DESCRIPTION: Infection with human Cytomegalovirus (CMV) continues to be a major threat for pregnant women, solid organ transplant recipients and patients with HIV-AIDS. Congenital CMV is the leading infectious cause of mental retardation and deafness. Although therapies for CMV can suppress virus replication, their prolonged use results in serious side effects and the emergence of resistant viruses. The available CMV inhibitors share the same mechanism of action - inhibition of viral DNA polymerase. There is an absolute need to identify new CMV inhibitors and to develop treatment strategies for CMV. The development of novel therapies for CMV could reduce morbidity and mortality in congenitally-infected children and the solid organ transplant population. Identification of novel compounds for CMV therapy is now possible because of the availability of large chemical libraries formatted as high-throughput screening (HTS) systems. The overall goals of this application (PAR-12-058) are to identify compounds that inhibit CMV replication using a quantitative HTS and a luciferase-recombinant CMV assay, to validate the specificity of the compounds for CMV using secondary and tertiary assays and to discover combination of anti-CMV agents by HTS to understand their mechanism of CMV inhibition. During the last several years we developed and validated sensitive and reproducible assays for quantification of CMV replication inhibition including a luciferase-recombinant CMV, luciferase-recombinant ganciclovir-resistant CMV, virus yield and DNA replication based on real-time PCR. These techniques have already been used extensively in our studies of CMV inhibitors such as artemisinins, and cardiac glycosides, two families of CMV inhibitors that differ in their mode of action and salinomycin. Our assays can be applied to screen the largest library of chemical probes in collaboration with the NIH and to identify chemical probes for the stage of virus replication in which these compounds act secondary and tertiary assays. The proposed investigations are likely to succeed because of our established experience in anti-viral assays and the expertise of NIH in HTS. The information derived from this application will have critical impact on CMV therapy. It may lead to the development of new concepts in CMV therapeutics by using compounds that inhibit a target different from the viral DNA polymerase and by implementing combination anti-CMV therapy.

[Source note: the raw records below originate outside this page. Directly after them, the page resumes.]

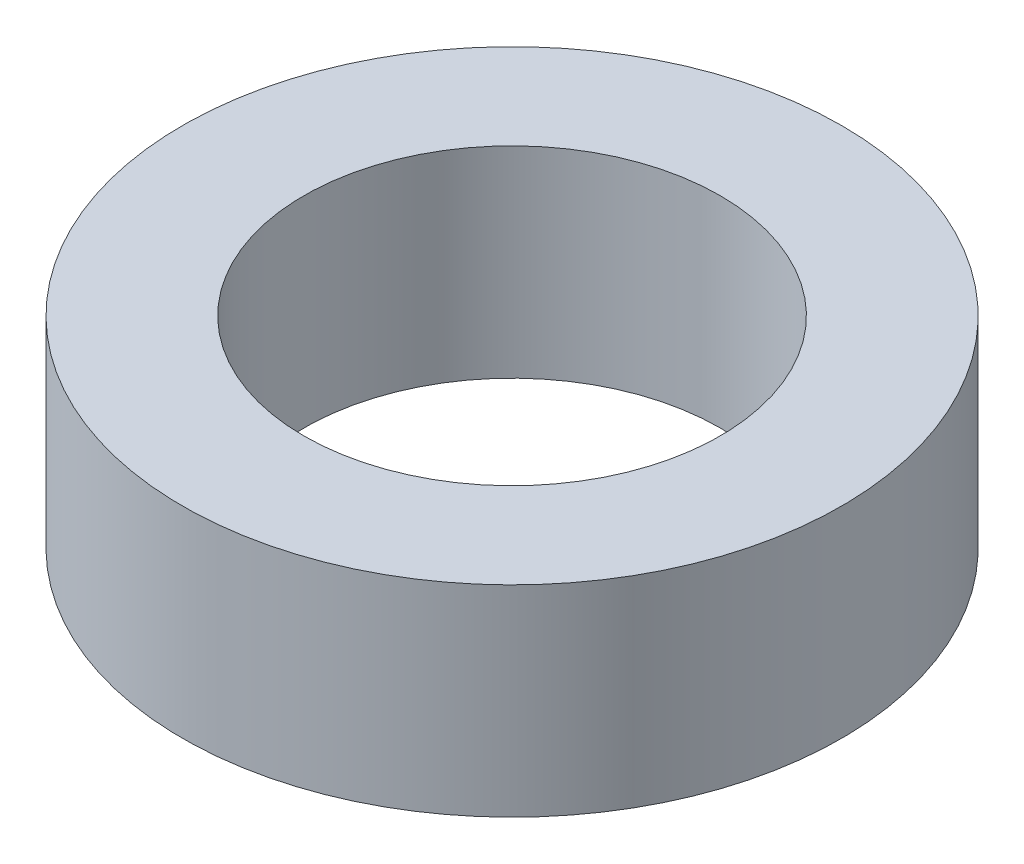
SolidWorks part; units mm, degrees
ref_plane "Front Plane" through (0, 0, 0) normal (0, 0, 1) x (1, 0, 0)
ref_plane "Top Plane" through (0, 0, 0) normal (0, 1, 0) x (1, 0, 0)
ref_plane "Right Plane" through (0, 0, 0) normal (1, 0, 0) x (0, 0, -1)
sketch "Sketch1" plane through (0, 0, 0) normal (0, 1, 0) x (1, 0, 0)
  circle A0 centre (0, 0) radius 47.5
  dimension "FLANGE_OD" = 95
extrude "Boss-Extrude1" add sketch "Sketch1" along normal blind 29
sketch "Sketch2" plane through (0, 0, 0) normal (0, 1, 0) x (1, 0, 0)
  circle A0 centre (0, 0) radius 30
  dimension "BORE_D" = 60
extrude "Cut-Extrude1" cut sketch "Sketch2" along normal through all
sketch "Sketch3" plane through (0, 29, 0) normal (0, 1, 0) x (1, 0, 0)
  circle A0 centre (0, 0) radius 21.476 construction
  circle A1 centre (-21.476, 0) radius 1.7462
  dimension "BOLT_D" = 3.4923
  dimension "BOLT_PCD" = 42.952
extrude "Cut-Extrude2" cut sketch "Sketch3" against normal blind 26.7385 rebuild error yes
pattern_circular "CirPattern1" count 8 over 360 rebuild error yes
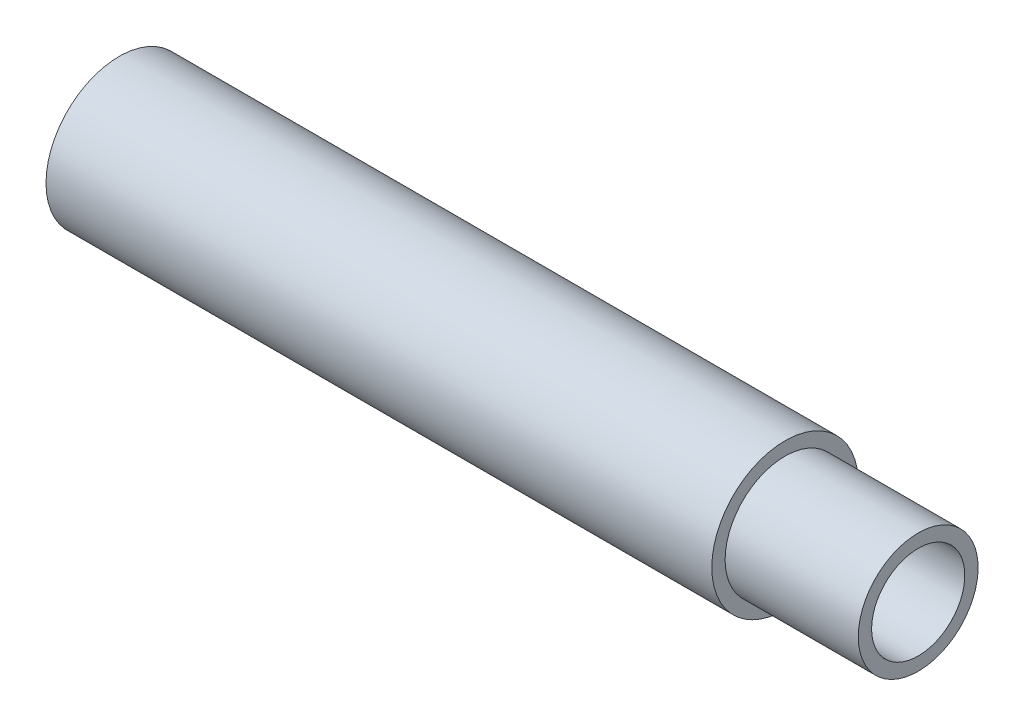
SolidWorks part; units mm, degrees
ref_plane "Front Plane" through (0, 0, 0) normal (0, 0, 1) x (1, 0, 0)
ref_plane "Top Plane" through (0, 0, 0) normal (0, 1, 0) x (1, 0, 0)
ref_plane "Right Plane" through (0, 0, 0) normal (1, 0, 0) x (0, 0, -1)
sketch "Sketch1" plane through (0, 0, 0) normal (0, 1, 0) x (1, 0, 0)
  line L0 (-13.7374, 0) -> (0, -5)
  line L1 (0, 0) -> (-250, 0)
  line L2 (0, 0) -> (0, 5)
  line L3 (0, 5) -> (-250, 5)
  line L4 (-250, 0) -> (-250, 5)
  line L5 (0, 0) -> (50, 0)
  line L6 (0, 0) -> (0, -5)
  line L7 (0, -5) -> (50, -5)
  line L8 (50, 0) -> (50, -5)
  line L9 (-13.7374, 0) -> (0, 0)
  line L10 (0, -5) -> (0, 0)
  line L11 (-250, -22.5) -> (-66.7987, -22.5)
  dimension "D1" = 250
  dimension "D2" = 5
  dimension "D3" = 5
  dimension "D4" = 50
  dimension "D5" = 160
  dimension "D6" = 22.5
revolve "Revolve1" add sketch "Sketch1" angle 360 about L11 region at (-4.5791, 0, 1.6667) region at (-125, 0, -2.5) region at (25, 0, 2.5)
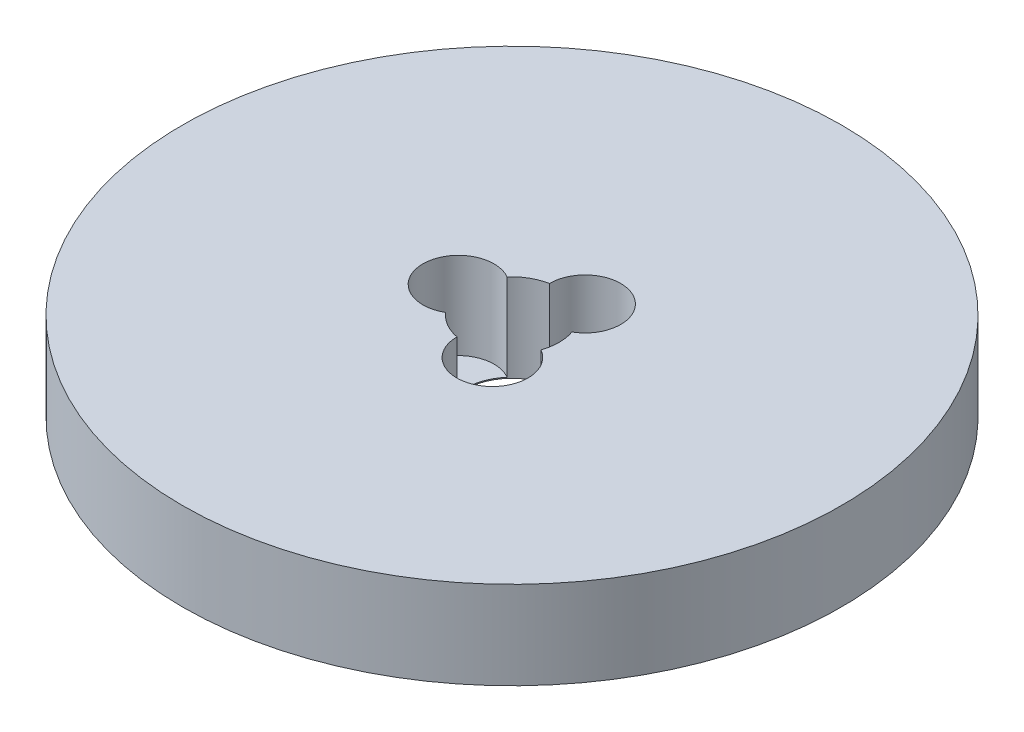
SolidWorks part; units mm, degrees
ref_plane "Front Plane" through (0, 0, 0) normal (0, 0, 1) x (1, 0, 0)
ref_plane "Top Plane" through (0, 0, 0) normal (0, 1, 0) x (1, 0, 0)
ref_plane "Right Plane" through (0, 0, 0) normal (1, 0, 0) x (0, 0, -1)
sketch "Sketch1" plane through (0, 0, 0) normal (0, 1, 0) x (1, 0, 0)
  circle A0 centre (0, 0) radius 52.5
  dimension "FLANGE_OD" = 105
extrude "Boss-Extrude1" add sketch "Sketch1" along normal blind 14
sketch "Sketch2" plane through (0, 0, 0) normal (0, 1, 0) x (1, 0, 0)
  circle A0 centre (0, 0) radius 7.5
  dimension "BORE_D" = 15
extrude "Cut-Extrude1" cut sketch "Sketch2" along normal through all
sketch "Sketch3" plane through (0, 14, 0) normal (0, 1, 0) x (1, 0, 0)
  circle A0 centre (0, 0) radius 8.5284 construction
  circle A1 centre (-8.5284, 0) radius 5.6684
  dimension "BOLT_D" = 11.3368
  dimension "BOLT_PCD" = 17.0568
extrude "Cut-Extrude2" cut sketch "Sketch3" against normal blind 13.8377
pattern_circular "CirPattern1" count 3 over 360 about axis through (0, 0, 0) along (0, 1, 0) of "Cut-Extrude2"

描述：人类巨细胞病毒 (CMV) 感染仍然是孕妇、实体器官移植接受者和艾滋病毒/艾滋病患者的主要威胁。先天性巨细胞病毒是导致智力低下和耳聋的主要原因。尽管 CMV 疗法可以抑制病毒复制，但长期使用会导致严重的副作用和耐药病毒的出现。现有的 CMV 抑制剂具有相同的作用机制——抑制病毒 DNA 聚合酶。绝对需要鉴定新的 CMV 抑制剂并制定 CMV 治疗策略。巨细胞病毒新疗法的开发可以降低先天性感染儿童和实体器官移植人群的发病率和死亡率。由于采用高通量筛选 (HTS) 系统的大型化学库的可用性，现在可以鉴定用于 CMV 治疗的新型化合物。本申请 (PAR-12-058) 的总体目标是使用定量 HTS 和荧光素酶重组 CMV 测定来鉴定抑制 CMV 复制的化合物，使用二级和三级测定来验证化合物对 CMV 的特异性，并发现通过 HTS 组合抗 CMV 药物以了解其抑制 CMV 的机制。在过去几年中，我们开发并验证了灵敏且可重复的 CMV 复制抑制定量检测方法，包括荧光素酶重组 CMV、荧光素酶重组抗更昔洛韦 CMV、基于实时 PCR 的病毒产量和 DNA 复制。这些技术已广泛用于我们对 CMV 抑制剂（如青蒿素和强心苷）的研究，这两个 CMV 抑制剂家族的作用不同 其作用方式与盐霉素相同。我们的检测可用于与 NIH 合作筛选最大的化学探针库，并鉴定用于病毒复制阶段的化学探针，这些化合物在该阶段发挥二级和三级检测作用。由于我们在抗病毒检测方面的丰富经验以及 NIH 在 HTS 方面的专业知识，拟议的研究很可能会成功。从该应用程序中获得的信息将对 CMV 治疗产生至关重要的影响。通过使用抑制不同于病毒 DNA 聚合酶的靶标的化合物以及实施联合抗 CMV 治疗，它可能会导致 CMV 治疗新概念的发展。